To ensure that the optimisation is well-designed, i.e. enough but not too many steps, we plot its performance in terms of score minimum found at step $n$.

In [None]:
def sort_improv(RESULT):
    score_vals=RESULT.func_vals
    min=score_vals[0]
    score_list=[]
    for s in score_vals:
        if s<min:
            min=s
            score_list.append(min)
        else:
            score_list.append(min)
    return score_list

In [None]:
fig = plt.figure()
plt.plot(range(n_c), sort_improv(RESULT), 'r-')
plt.xlabel(r'$n_{steps}$', fontsize=14)
plt.ylabel('Min score reached (red)', fontsize=14)
plt.show()

## Optimised pulse
An interpolated pulse is produced based on the optimised parameters RESULT.x and then added to a new sequence.

In [None]:
seq = Sequence(reg, Chadoq2)
seq.declare_channel('ising', 'rydberg_global')
P = create_interp_pulse(RESULT.x)
seq.add(P,'ising')
seq.draw()

In [None]:
simul = Simulation(seq)
results = simul.run()
final=results.states[-1]
print('final =', proba_from_state(final, min_p=0.05))

s_neel = np.round(get_neel_structure_factor(reg, R_interatomic, final),3)
print(f'S_Neel (final) = {s_neel}')

This value should be compared to its equivalent in the tutorial _Preparing an AF state in the Ising model_. For a ramp pulse with the same parameters, the structural factor is around $2.75$. 

## Correlation properties
To identify any AF properties of the final state, it is also possible to examine its correlation function $g^{(2)}$. 

In [None]:
correlation_function = get_full_corr_function(reg, final)

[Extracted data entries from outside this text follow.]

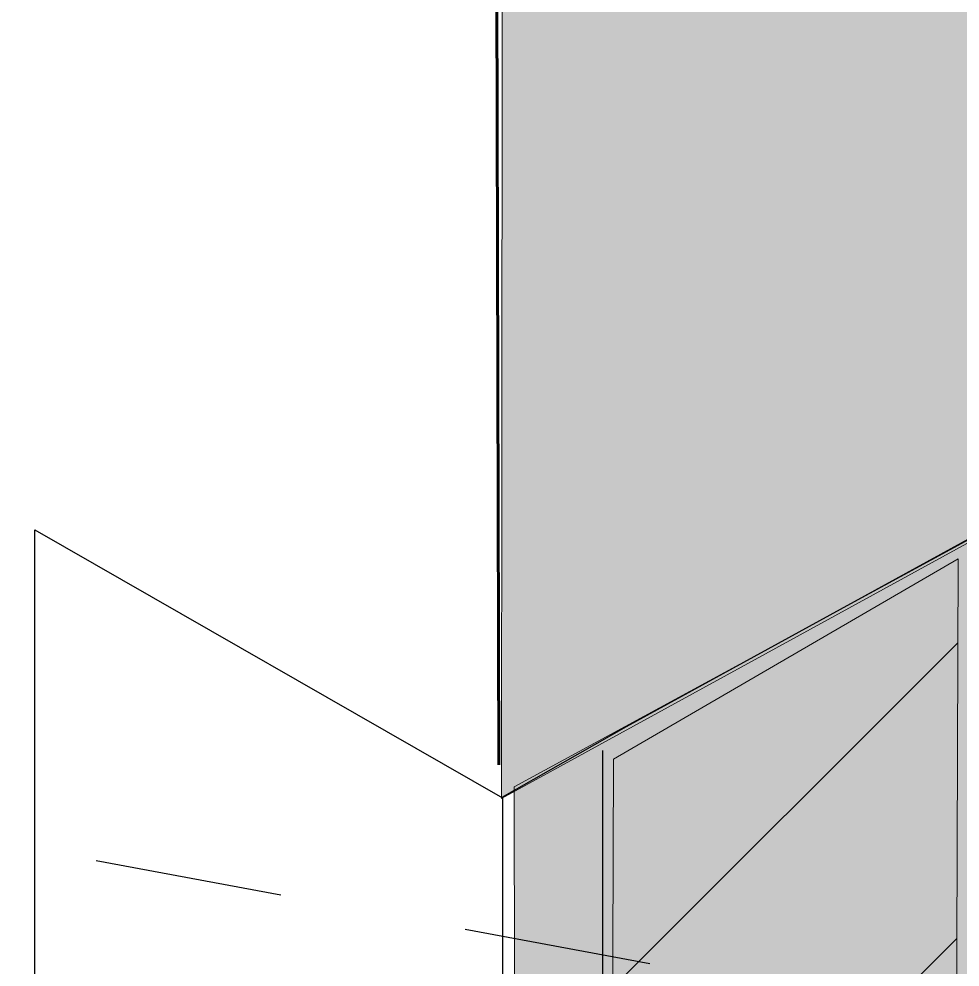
# Model space of a CAD drawing. Extents: x -1392 to 5791, y -3809 to 1722.
# Drawn here: x -337.47 to -292.34, y 1247.63 to 1293.11 of the extents above; entities that cross this region are included whole.
import ezdxf

# ---------------------------------------------------------------- set-up
doc = ezdxf.new("R2010")
doc.units = 0
doc.header["$MEASUREMENT"] = 0
doc.linetypes.add('AI-Linetype-43', pattern=[18, 9, -9])
for name, color, linetype, lineweight in [('G-ANNO-TTLB', 7, 'Continuous', 0), ('Layer 12', 7, 'Continuous', 0), ('TYVEK', 7, 'Continuous', 0)]:
    doc.layers.add(name, color=color, linetype=linetype, lineweight=lineweight)

msp = doc.modelspace()

# ---------------------------------------------------------------- hatches: boundary and pattern name
at = {"layer": 'G-ANNO-TTLB', "true_color": 0xff00ff, "transparency": 33554687}
h = msp.add_hatch(color=6, dxfattribs=at)
edge = h.paths.add_edge_path()
edge.add_spline(control_points=[(1773.018, -796.5), (1773.018, -796.5), (-1156.5, -796.5), (-1156.5, -796.5), (-1156.5, -796.5), (-1156.5, 1660.5), (-1156.5, 1660.5), (-1156.5, 1660.5), (1773.018, 1660.5), (1773.018, 1660.5), (1773.018, 1660.5), (1773.018, -796.5), (1773.018, -796.5)], knot_values=[0, 0, 0, 0, 1, 1, 1, 2, 2, 2, 3, 3, 3, 4, 4, 4, 4], degree=3, periodic=0)
edge = h.paths.add_edge_path()
edge.add_spline(control_points=[(-1147.5, 1651.5), (-1147.5, 1651.5), (-1147.5, -787.5), (-1147.5, -787.5), (-1147.5, -787.5), (1764.018, -787.5), (1764.018, -787.5), (1764.018, -787.5), (1764.018, 1651.5), (1764.018, 1651.5), (1764.018, 1651.5), (-1147.5, 1651.5), (-1147.5, 1651.5)], knot_values=[0, 0, 0, 0, 1, 1, 1, 2, 2, 2, 3, 3, 3, 4, 4, 4, 4], degree=3, periodic=0)
edge.add_line((-1147.5, 1651.5), (-1147.5, 1651.5))
at = {"layer": 'Layer 12', "true_color": 0x808080, "transparency": 33554495}
h = msp.add_hatch(color=8, dxfattribs=at)
h.dxf.hatch_style = 2
h.paths.add_polyline_path([(-314.323, 1255.711), (-314.202, 1398.747), (-280.999, 1379.138), (-280.515, 1274.244)])
at = {"layer": 'Layer 12', "true_color": 0x808080, "transparency": 33554457}
h = msp.add_hatch(color=8, dxfattribs=at)
h.dxf.hatch_style = 2
h.paths.add_polyline_path([(-280.208, 1246.482), (-313.681, 1227.889), (-313.717, 1256.272), (-280.515, 1274.32)])
at = {"layer": 'Layer 12', "true_color": 0x000000, "transparency": 33554687}
h = msp.add_hatch(dxfattribs=at)
h.set_pattern_fill('_U', color=18, scale=10, angle=45, style=2, pattern_type=0)
h.set_pattern_definition([(45, (0, 0), (-7.07107, 7.07107), [])])
h.paths.add_polyline_path([(-292.523, 1239.407), (-309.055, 1229.806), (-308.967, 1257.604), (-292.435, 1267.205)])

# ---------------------------------------------------------------- linework, layer by layer
at = {"layer": 'G-ANNO-TTLB'}
for points in [[(1773.018, -796.5), (1773.018, -796.5), (-1156.5, -796.5), (-1156.5, -796.5), (-1156.5, -796.5), (-1156.5, 1660.5), (-1156.5, 1660.5), (-1156.5, 1660.5), (1773.018, 1660.5), (1773.018, 1660.5), (1773.018, 1660.5), (1773.018, -796.5), (1773.018, -796.5)], [(-1147.5, 1651.5), (-1147.5, 1651.5), (-1147.5, -787.5), (-1147.5, -787.5), (-1147.5, -787.5), (1764.018, -787.5), (1764.018, -787.5), (1764.018, -787.5), (1764.018, 1651.5), (1764.018, 1651.5), (1764.018, 1651.5), (-1147.5, 1651.5), (-1147.5, 1651.5)]]:
    msp.add_open_spline(points, degree=3, knots=[0, 0, 0, 0, 1, 1, 1, 2, 2, 2, 3, 3, 3, 4, 4, 4, 4], dxfattribs=at)
at = {"layer": 'Layer 12'}
for points in [[(-314.323, 1255.711), (-314.202, 1398.747), (-280.999, 1379.138), (-280.515, 1274.244)], [(-280.208, 1246.482), (-313.681, 1227.889), (-313.717, 1256.272), (-280.515, 1274.32)], [(-292.523, 1239.407), (-309.055, 1229.806), (-308.967, 1257.604), (-292.435, 1267.205)]]:
    msp.add_lwpolyline(points, close=True, dxfattribs=at)
at = {"layer": 'TYVEK', "color": 18, "lineweight": 60, "true_color": 0x000000}
msp.add_line((-314.464, 1257.328), (-314.813, 1399.471), dxfattribs=at)
at = {"layer": 'TYVEK', "color": 18, "linetype": 'AI-Linetype-43', "lineweight": 25, "true_color": 0x000000}
msp.add_line((-271.831, 1241.206), (-513.224, 1286.114), dxfattribs=at)
at = {"layer": 'TYVEK', "color": 4, "lineweight": 25, "true_color": 0x00ffff}
for p, q in [((-336.717, 1224.995), (-336.717, 1268.601)), ((-336.717, 1268.601), (-314.285, 1255.74)), ((-291.112, 1268.606), (-308.358, 1259.156)), ((-308.358, 1259.156), (-314.31, 1255.754)), ((-309.488, 1258.022), (-309.488, 1229.768)), ((-314.285, 1255.74), (-314.285, 1228.462))]:
    msp.add_line(p, q, dxfattribs=at)

doc.saveas('drawing.dxf')

A = np.reshape(list(correlation_function.values()), (2*N_side-1, 2*N_side-1))
A = A / A[2,2]
A[2,2]=0
print(A)

plt.figure()
plt.imshow(A, cmap='coolwarm')
plt.xlabel('k',fontsize=12)
plt.ylabel('l',fontsize=12)
plt.xticks(range(len(A)), ['{}'.format(i) for i in range(-N_side + 1, N_side)])
plt.yticks(range(len(A)), ['{}'.format(-i) for i in range(-N_side + 1, N_side)])
plt.title(r'$g^{(2)}(k,l)$ after simulation', fontsize=14)
plt.colorbar()
plt.show()

Note that the correlation function would follow an exponential decay (modulo finite-size effects), which is best observed at larger system sizes. We can retrieve its correlation length for the case 3x3 and plot an expected exponential decay with this quantity.  

In [None]:
correlation_function = get_full_corr_function(reg, final)
x=np.arange(2*N_side-1)
y=[(-1)**i*correlation_function[(0,i)] for i in range(N_side)]+[(-1)**(N_side-1+i)*correlation_function[(i,N_side-1)] for i in range(1,N_side)]
xi=-1/np.polyfit(x, np.log(y), 1)[0]
print('Correlation length = {:.1f} sites'.format(xi))

In [None]:
expected_corr_function = {}
for k in range(-N_side+1,N_side):
    for l in range(-N_side+1,N_side):
        kk = np.abs(k)
        ll = np.abs(l)
        expected_corr_function[(k, l)] = (-1)**(kk + ll) * np.exp(-(kk + ll)/xi)
B = np.reshape(list(expected_corr_function.values()), (2*N_side-1, 2*N_side-1))
B[2,2]=0

In [None]:
plt.show()
plt.figure()
plt.imshow(B, cmap='coolwarm',vmin=A.min(),vmax=A.max())
plt.title('Exponential decay')
plt.xlabel('k',fontsize=12)
plt.ylabel('l',fontsize=12)
plt.xticks(range(len(A)), ['{}'.format(i) for i in range(-N_side + 1, N_side)])
plt.yticks(range(len(A)), ['{}'.format(-i) for i in range(-N_side + 1, N_side)])
plt.colorbar()
plt.show()

A perfect AF state should be as decorrelated as possible, i.e. with a correlation length as great as possible.